> Your goal: Look through the lines below for the word "dxfattribs", and copy every line that has it.

▼

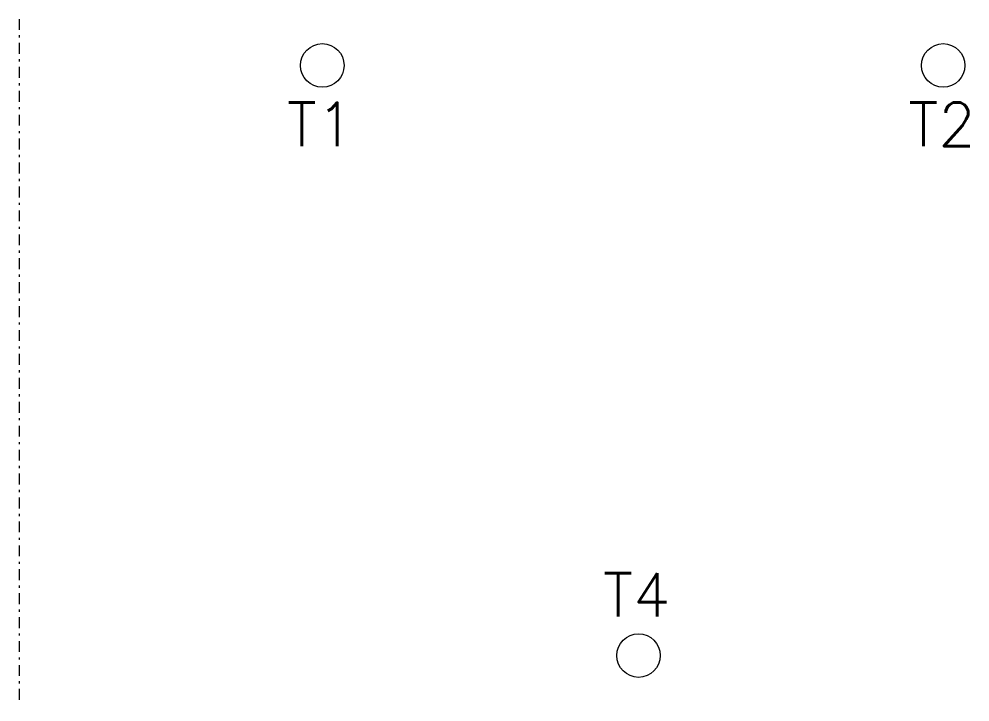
# Model space of a CAD drawing. Extents: x 391 to 553, y 228 to 263.
# Drawn here: x 390.73 to 434.44, y 228.39 to 259.79 of the extents above.
import ezdxf
from ezdxf.enums import TextEntityAlignment as Align

# ---------------------------------------------------------------- set-up
doc = ezdxf.new("R2010")
doc.units = 0
doc.header["$MEASUREMENT"] = 0
doc.linetypes.add('DASHDOT', pattern=[1, 0.5, -0.25, 0, -0.25])
doc.layers.get('0').update_dxf_attribs({"linetype": 'CONTINUOUS'})
doc.styles.add('ROMANS', font='romans')

msp = doc.modelspace()

# ---------------------------------------------------------------- linework, layer by layer
at = {"linetype": 'DASHDOT'}
msp.add_line((390.73, 259.785), (390.73, 228.385), dxfattribs=at)
for centre in [(404.67, 257.653), (433.209, 257.653), (419.207, 230.517)]:
    msp.add_circle(centre, 1)

# ---------------------------------------------------------------- texts
at = {"lineweight": -3, "style": 'ROMANS'}
for tag, p in [('T1', (403.04, 254.942)), ('T2', (431.611, 254.942)), ('T4', (417.577, 233.308))]:
    msp.add_attdef(tag, text='', height=2, dxfattribs=at).set_placement(p, align=Align.MIDDLE_LEFT)

doc.saveas('drawing.dxf')

▲

> Solved problem:
msp.add_line((390.73, 259.785), (390.73, 228.385), dxfattribs=at)
    msp.add_attdef(tag, text='', height=2, dxfattribs=at).set_placement(p, align=Align.MIDDLE_LEFT)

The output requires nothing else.